Bundesverkehrsminister Alexander Dobrindt ruft jetzt eine Ethikkommission für das automatisierte Fahren ins Leben, die schon in Kürze ihre Arbeit aufnehmen soll. Das Gremium wird vom ehemaligen Bundesverfassungsrichter Udo di Fabio geleitet und soll einen rechtlichen Rahmen entwickeln, nach dem sich von Computer gesteuerte Autos in Gefahrensituationen verhalten müssen und „an dem sich Programmierer orientieren können“, sagte Dobrindt der Wirtschaftswoche. „Klar ist: Sachschaden geht immer vor Personenschaden.

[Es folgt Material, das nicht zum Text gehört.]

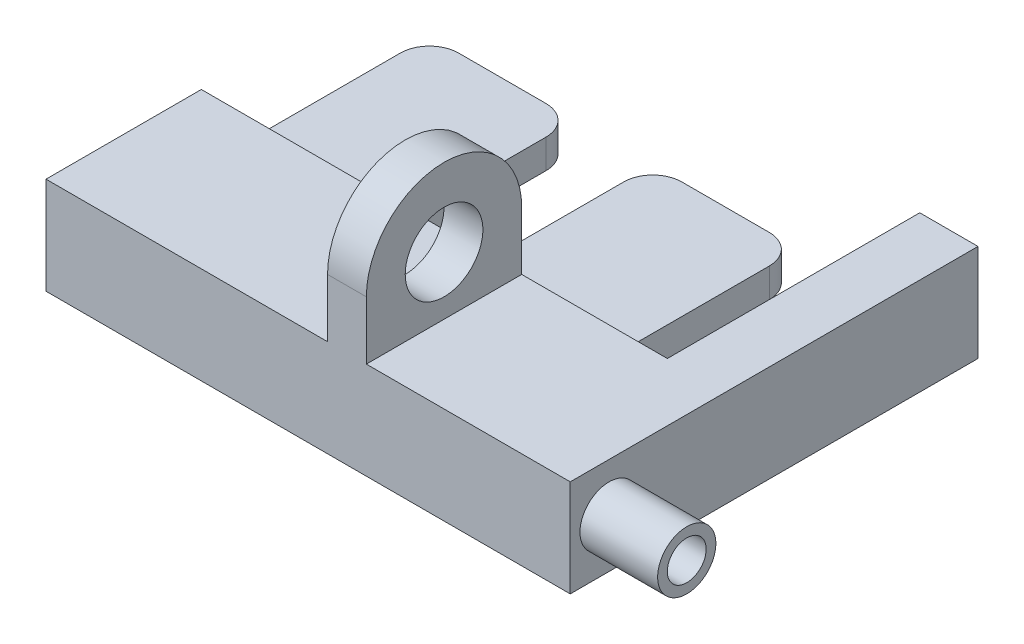
ISO-10303-21;
HEADER;
FILE_DESCRIPTION(('STEP AP214'),'2;1');
FILE_NAME('part.step','',(''),(''),'','','');
FILE_SCHEMA(('AUTOMOTIVE_DESIGN { 1 0 10303 214 1 1 1 1 }'));
ENDSEC;
DATA;
#1=APPLICATION_CONTEXT('core data for automotive mechanical design processes');
#2=APPLICATION_PROTOCOL_DEFINITION('international standard','automotive_design',2000,#1);
#3=PRODUCT_CONTEXT('',#1,'mechanical');
#4=PRODUCT('Part','Part','',(#3));
#5=PRODUCT_RELATED_PRODUCT_CATEGORY('part','',(#4));
#6=PRODUCT_DEFINITION_FORMATION('','',#4);
#7=PRODUCT_DEFINITION_CONTEXT('part definition',#1,'design');
#8=PRODUCT_DEFINITION('design','',#6,#7);
#9=PRODUCT_DEFINITION_SHAPE('','',#8);
#10=(LENGTH_UNIT() NAMED_UNIT(*) SI_UNIT(.MILLI.,.METRE.));
#11=(NAMED_UNIT(*) PLANE_ANGLE_UNIT() SI_UNIT($,.RADIAN.));
#12=(NAMED_UNIT(*) SI_UNIT($,.STERADIAN.) SOLID_ANGLE_UNIT());
#13=UNCERTAINTY_MEASURE_WITH_UNIT(LENGTH_MEASURE(1.E-05),#10,'distance_accuracy_value','');
#14=(GEOMETRIC_REPRESENTATION_CONTEXT(3) GLOBAL_UNCERTAINTY_ASSIGNED_CONTEXT((#13)) GLOBAL_UNIT_ASSIGNED_CONTEXT((#10,
#11,#12)) REPRESENTATION_CONTEXT('',''));
#15=CARTESIAN_POINT('',(0.,0.,0.));
#16=DIRECTION('',(0.,0.,1.));
#17=DIRECTION('',(1.,0.,0.));
#18=AXIS2_PLACEMENT_3D('',#15,#16,#17);
#19=CARTESIAN_POINT('',(0.,0.,0.));
#20=DIRECTION('',(0.,0.,1.));
#21=DIRECTION('',(1.,0.,0.));
#22=AXIS2_PLACEMENT_3D('',#19,#20,#21);
#23=PLANE('',#22);
#24=DIRECTION('',(0.,-1.,0.));
#25=VECTOR('',#24,1.);
#26=CARTESIAN_POINT('',(7.25,-0.750000000000003,0.));
#27=LINE('',#26,#25);
#28=CARTESIAN_POINT('',(7.25,0.749999999999998,0.));
#29=VERTEX_POINT('',#28);
#30=CARTESIAN_POINT('',(7.25,-0.750000000000003,0.));
#31=VERTEX_POINT('',#30);
#32=EDGE_CURVE('E222',#29,#31,#27,.T.);
#33=ORIENTED_EDGE('',*,*,#32,.F.);
#34=DIRECTION('',(1.,0.,0.));
#35=VECTOR('',#34,1.);
#36=CARTESIAN_POINT('',(-0.250000000000003,0.749999999999998,0.));
#37=LINE('',#36,#35);
#38=CARTESIAN_POINT('',(-0.250000000000003,0.749999999999998,0.));
#39=VERTEX_POINT('',#38);
#40=EDGE_CURVE('E227',#39,#29,#37,.T.);
#41=ORIENTED_EDGE('',*,*,#40,.F.);
#42=DIRECTION('',(0.,1.,0.));
#43=VECTOR('',#42,1.);
#44=CARTESIAN_POINT('',(-0.250000000000003,-0.750000000000002,0.));
#45=LINE('',#44,#43);
#46=CARTESIAN_POINT('',(-0.250000000000003,-0.750000000000002,0.));
#47=VERTEX_POINT('',#46);
#48=EDGE_CURVE('E236',#47,#39,#45,.T.);
#49=ORIENTED_EDGE('',*,*,#48,.F.);
#50=DIRECTION('',(-1.,0.,0.));
#51=VECTOR('',#50,1.);
#52=CARTESIAN_POINT('',(-0.250000000000003,-0.750000000000002,0.));
#53=LINE('',#52,#51);
#54=EDGE_CURVE('E233',#31,#47,#53,.T.);
#55=ORIENTED_EDGE('',*,*,#54,.F.);
#56=EDGE_LOOP('',(#33,#41,#49,#55));
#57=FACE_BOUND('',#56,.T.);
#58=DIRECTION('',(0.,1.,0.));
#59=VECTOR('',#58,1.);
#60=CARTESIAN_POINT('',(10.5,2.5,0.));
#61=LINE('',#60,#59);
#62=CARTESIAN_POINT('',(10.5,-2.5,0.));
#63=VERTEX_POINT('',#62);
#64=CARTESIAN_POINT('',(10.5,2.5,0.));
#65=VERTEX_POINT('',#64);
#66=EDGE_CURVE('E312',#63,#65,#61,.T.);
#67=ORIENTED_EDGE('',*,*,#66,.F.);
#68=DIRECTION('',(1.,0.,0.));
#69=VECTOR('',#68,1.);
#70=CARTESIAN_POINT('',(13.5,-2.5,0.));
#71=LINE('',#70,#69);
#72=CARTESIAN_POINT('',(-13.5,-2.5,0.));
#73=VERTEX_POINT('',#72);
#74=EDGE_CURVE('E334',#73,#63,#71,.T.);
#75=ORIENTED_EDGE('',*,*,#74,.F.);
#76=DIRECTION('',(0.,-1.,0.));
#77=VECTOR('',#76,1.);
#78=CARTESIAN_POINT('',(-13.5,-2.5,0.));
#79=LINE('',#78,#77);
#80=CARTESIAN_POINT('',(-13.5,2.5,0.));
#81=VERTEX_POINT('',#80);
#82=EDGE_CURVE('E344',#81,#73,#79,.T.);
#83=ORIENTED_EDGE('',*,*,#82,.F.);
#84=DIRECTION('',(-1.,0.,0.));
#85=VECTOR('',#84,1.);
#86=CARTESIAN_POINT('',(13.5,2.5,0.));
#87=LINE('',#86,#85);
#88=CARTESIAN_POINT('',(1.,2.5,0.));
#89=VERTEX_POINT('',#88);
#90=EDGE_CURVE('E352',#89,#81,#87,.T.);
#91=ORIENTED_EDGE('',*,*,#90,.F.);
#92=DIRECTION('',(0.,-1.,0.));
#93=VECTOR('',#92,1.);
#94=CARTESIAN_POINT('',(1.,2.5,0.));
#95=LINE('',#94,#93);
#96=CARTESIAN_POINT('',(1.,5.5,0.));
#97=VERTEX_POINT('',#96);
#98=EDGE_CURVE('E281',#97,#89,#95,.T.);
#99=ORIENTED_EDGE('',*,*,#98,.F.);
#100=DIRECTION('',(-1.,0.,0.));
#101=VECTOR('',#100,1.);
#102=CARTESIAN_POINT('',(3.,5.5,0.));
#103=LINE('',#102,#101);
#104=CARTESIAN_POINT('',(3.,5.5,0.));
#105=VERTEX_POINT('',#104);
#106=EDGE_CURVE('E290',#105,#97,#103,.T.);
#107=ORIENTED_EDGE('',*,*,#106,.F.);
#108=DIRECTION('',(0.,-1.,0.));
#109=VECTOR('',#108,1.);
#110=CARTESIAN_POINT('',(3.,2.5,0.));
#111=LINE('',#110,#109);
#112=CARTESIAN_POINT('',(3.,2.5,0.));
#113=VERTEX_POINT('',#112);
#114=EDGE_CURVE('E258',#105,#113,#111,.T.);
#115=ORIENTED_EDGE('',*,*,#114,.T.);
#116=EDGE_CURVE('E354',#65,#113,#87,.T.);
#117=ORIENTED_EDGE('',*,*,#116,.F.);
#118=EDGE_LOOP('',(#67,#75,#83,#91,#99,#107,#115,#117));
#119=FACE_BOUND('',#118,.T.);
#120=DIRECTION('',(0.,-1.,0.));
#121=VECTOR('',#120,1.);
#122=CARTESIAN_POINT('',(-4.25,-0.750000000000001,0.));
#123=LINE('',#122,#121);
#124=CARTESIAN_POINT('',(-4.25,0.749999999999999,0.));
#125=VERTEX_POINT('',#124);
#126=CARTESIAN_POINT('',(-4.25,-0.750000000000001,0.));
#127=VERTEX_POINT('',#126);
#128=EDGE_CURVE('E188',#125,#127,#123,.T.);
#129=ORIENTED_EDGE('',*,*,#128,.F.);
#130=DIRECTION('',(1.,0.,0.));
#131=VECTOR('',#130,1.);
#132=CARTESIAN_POINT('',(-11.75,0.75,0.));
#133=LINE('',#132,#131);
#134=CARTESIAN_POINT('',(-11.75,0.75,0.));
#135=VERTEX_POINT('',#134);
#136=EDGE_CURVE('E201',#135,#125,#133,.T.);
#137=ORIENTED_EDGE('',*,*,#136,.F.);
#138=DIRECTION('',(0.,1.,0.));
#139=VECTOR('',#138,1.);
#140=CARTESIAN_POINT('',(-11.75,-0.75,0.));
#141=LINE('',#140,#139);
#142=CARTESIAN_POINT('',(-11.75,-0.75,0.));
#143=VERTEX_POINT('',#142);
#144=EDGE_CURVE('E210',#143,#135,#141,.T.);
#145=ORIENTED_EDGE('',*,*,#144,.F.);
#146=DIRECTION('',(-1.,0.,0.));
#147=VECTOR('',#146,1.);
#148=CARTESIAN_POINT('',(-11.75,-0.75,0.));
#149=LINE('',#148,#147);
#150=EDGE_CURVE('E204',#127,#143,#149,.T.);
#151=ORIENTED_EDGE('',*,*,#150,.F.);
#152=EDGE_LOOP('',(#129,#137,#145,#151));
#153=FACE_BOUND('',#152,.T.);
#154=ADVANCED_FACE('F35',(#57,#119,#153),#23,.F.);
#155=CARTESIAN_POINT('',(13.5,2.5,8.));
#156=DIRECTION('',(0.,-1.,0.));
#157=DIRECTION('',(1.,0.,0.));
#158=AXIS2_PLACEMENT_3D('',#155,#156,#157);
#159=PLANE('',#158);
#160=DIRECTION('',(0.,0.,1.));
#161=VECTOR('',#160,1.);
#162=CARTESIAN_POINT('',(1.,2.5,8.));
#163=LINE('',#162,#161);
#164=CARTESIAN_POINT('',(1.,2.5,8.));
#165=VERTEX_POINT('',#164);
#166=EDGE_CURVE('E275',#89,#165,#163,.T.);
#167=ORIENTED_EDGE('',*,*,#166,.F.);
#168=ORIENTED_EDGE('',*,*,#90,.T.);
#169=DIRECTION('',(0.,0.,-1.));
#170=VECTOR('',#169,1.);
#171=CARTESIAN_POINT('',(-13.5,2.5,8.));
#172=LINE('',#171,#170);
#173=CARTESIAN_POINT('',(-13.5,2.5,8.));
#174=VERTEX_POINT('',#173);
#175=EDGE_CURVE('E360',#174,#81,#172,.T.);
#176=ORIENTED_EDGE('',*,*,#175,.F.);
#177=DIRECTION('',(-1.,0.,0.));
#178=VECTOR('',#177,1.);
#179=CARTESIAN_POINT('',(13.5,2.5,8.));
#180=LINE('',#179,#178);
#181=EDGE_CURVE('E270',#165,#174,#180,.T.);
#182=ORIENTED_EDGE('',*,*,#181,.F.);
#183=EDGE_LOOP('',(#167,#168,#176,#182));
#184=FACE_BOUND('',#183,.T.);
#185=ADVANCED_FACE('F425',(#184),#159,.F.);
#186=CARTESIAN_POINT('',(13.5,-2.5,8.));
#187=DIRECTION('',(-1.,0.,0.));
#188=DIRECTION('',(0.,0.,1.));
#189=AXIS2_PLACEMENT_3D('',#186,#187,#188);
#190=PLANE('',#189);
#191=DIRECTION('',(0.,0.,-1.));
#192=VECTOR('',#191,1.);
#193=CARTESIAN_POINT('',(13.5,-2.5,8.));
#194=LINE('',#193,#192);
#195=CARTESIAN_POINT('',(13.5,-2.5,8.));
#196=VERTEX_POINT('',#195);
#197=CARTESIAN_POINT('',(13.5,-2.5,-13.));
#198=VERTEX_POINT('',#197);
#199=EDGE_CURVE('E367',#196,#198,#194,.T.);
#200=ORIENTED_EDGE('',*,*,#199,.T.);
#201=DIRECTION('',(0.,-1.,0.));
#202=VECTOR('',#201,1.);
#203=CARTESIAN_POINT('',(13.5,2.5,-13.));
#204=LINE('',#203,#202);
#205=CARTESIAN_POINT('',(13.5,2.5,-13.));
#206=VERTEX_POINT('',#205);
#207=EDGE_CURVE('E315',#206,#198,#204,.T.);
#208=ORIENTED_EDGE('',*,*,#207,.F.);
#209=DIRECTION('',(0.,0.,-1.));
#210=VECTOR('',#209,1.);
#211=CARTESIAN_POINT('',(13.5,2.5,8.));
#212=LINE('',#211,#210);
#213=CARTESIAN_POINT('',(13.5,2.5,8.));
#214=VERTEX_POINT('',#213);
#215=EDGE_CURVE('E368',#214,#206,#212,.T.);
#216=ORIENTED_EDGE('',*,*,#215,.F.);
#217=DIRECTION('',(0.,1.,0.));
#218=VECTOR('',#217,1.);
#219=CARTESIAN_POINT('',(13.5,-2.5,8.));
#220=LINE('',#219,#218);
#221=EDGE_CURVE('E381',#196,#214,#220,.T.);
#222=ORIENTED_EDGE('',*,*,#221,.F.);
#223=EDGE_LOOP('',(#200,#208,#216,#222));
#224=FACE_BOUND('',#223,.T.);
#225=CARTESIAN_POINT('',(13.5,0.,6.));
#226=DIRECTION('',(-1.,0.,0.));
#227=DIRECTION('',(0.,0.,1.));
#228=AXIS2_PLACEMENT_3D('',#225,#226,#227);
#229=CIRCLE('',#228,1.5);
#230=CARTESIAN_POINT('',(13.5,0.,7.5));
#231=VERTEX_POINT('',#230);
#232=EDGE_CURVE('E347',#231,#231,#229,.F.);
#233=ORIENTED_EDGE('',*,*,#232,.F.);
#234=EDGE_LOOP('',(#233));
#235=FACE_BOUND('',#234,.T.);
#236=ADVANCED_FACE('F405',(#224,#235),#190,.F.);
#237=CARTESIAN_POINT('',(-13.5,-2.5,8.));
#238=DIRECTION('',(1.,0.,0.));
#239=DIRECTION('',(0.,0.,-1.));
#240=AXIS2_PLACEMENT_3D('',#237,#238,#239);
#241=PLANE('',#240);
#242=ORIENTED_EDGE('',*,*,#82,.T.);
#243=DIRECTION('',(0.,0.,-1.));
#244=VECTOR('',#243,1.);
#245=CARTESIAN_POINT('',(-13.5,-2.5,8.));
#246=LINE('',#245,#244);
#247=CARTESIAN_POINT('',(-13.5,-2.5,8.));
#248=VERTEX_POINT('',#247);
#249=EDGE_CURVE('E351',#248,#73,#246,.T.);
#250=ORIENTED_EDGE('',*,*,#249,.F.);
#251=DIRECTION('',(0.,-1.,0.));
#252=VECTOR('',#251,1.);
#253=CARTESIAN_POINT('',(-13.5,-2.5,8.));
#254=LINE('',#253,#252);
#255=EDGE_CURVE('E328',#174,#248,#254,.T.);
#256=ORIENTED_EDGE('',*,*,#255,.F.);
#257=ORIENTED_EDGE('',*,*,#175,.T.);
#258=EDGE_LOOP('',(#242,#250,#256,#257));
#259=FACE_BOUND('',#258,.T.);
#260=ADVANCED_FACE('F426',(#259),#241,.F.);
#261=CARTESIAN_POINT('',(13.5,-2.5,8.));
#262=DIRECTION('',(0.,1.,0.));
#263=DIRECTION('',(-1.,0.,0.));
#264=AXIS2_PLACEMENT_3D('',#261,#262,#263);
#265=PLANE('',#264);
#266=ORIENTED_EDGE('',*,*,#74,.T.);
#267=DIRECTION('',(0.,0.,1.));
#268=VECTOR('',#267,1.);
#269=CARTESIAN_POINT('',(10.5,-2.5,-13.));
#270=LINE('',#269,#268);
#271=CARTESIAN_POINT('',(10.5,-2.5,-13.));
#272=VERTEX_POINT('',#271);
#273=EDGE_CURVE('E339',#272,#63,#270,.T.);
#274=ORIENTED_EDGE('',*,*,#273,.F.);
#275=DIRECTION('',(-1.,0.,0.));
#276=VECTOR('',#275,1.);
#277=CARTESIAN_POINT('',(13.5,-2.5,-13.));
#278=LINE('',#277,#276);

Außerdem darf es keine Klassifizierung von Personen zum Beispiel nach Größe, Alter oder ähnlichem geben.“Zudem kündigte der Verkehrsminister ein Gesetz für das automatisierte Fahren an, um Verhaltensregeln und Zuständigkeiten im Schadensfall festzuschreiben. „Wir setzen den Computer gleich mit dem menschlichen Fahrer“, so Dobrindt. Damit werde eine zentrale Haftungsfrage gelöst. „Der Fahrer darf also die Hände vom Lenker nehmen, dabei ein Buch lesen oder E-Mails checken. Wenn etwas passiert, haftet der Hersteller.“ Eine Blackbox im Auto soll die Fahrsituationen speichern und für den Fall eines Unfalls feststellen, wer gefahren ist und wer für Fehler verantwortlich ist – der Fahrer oder der Computer.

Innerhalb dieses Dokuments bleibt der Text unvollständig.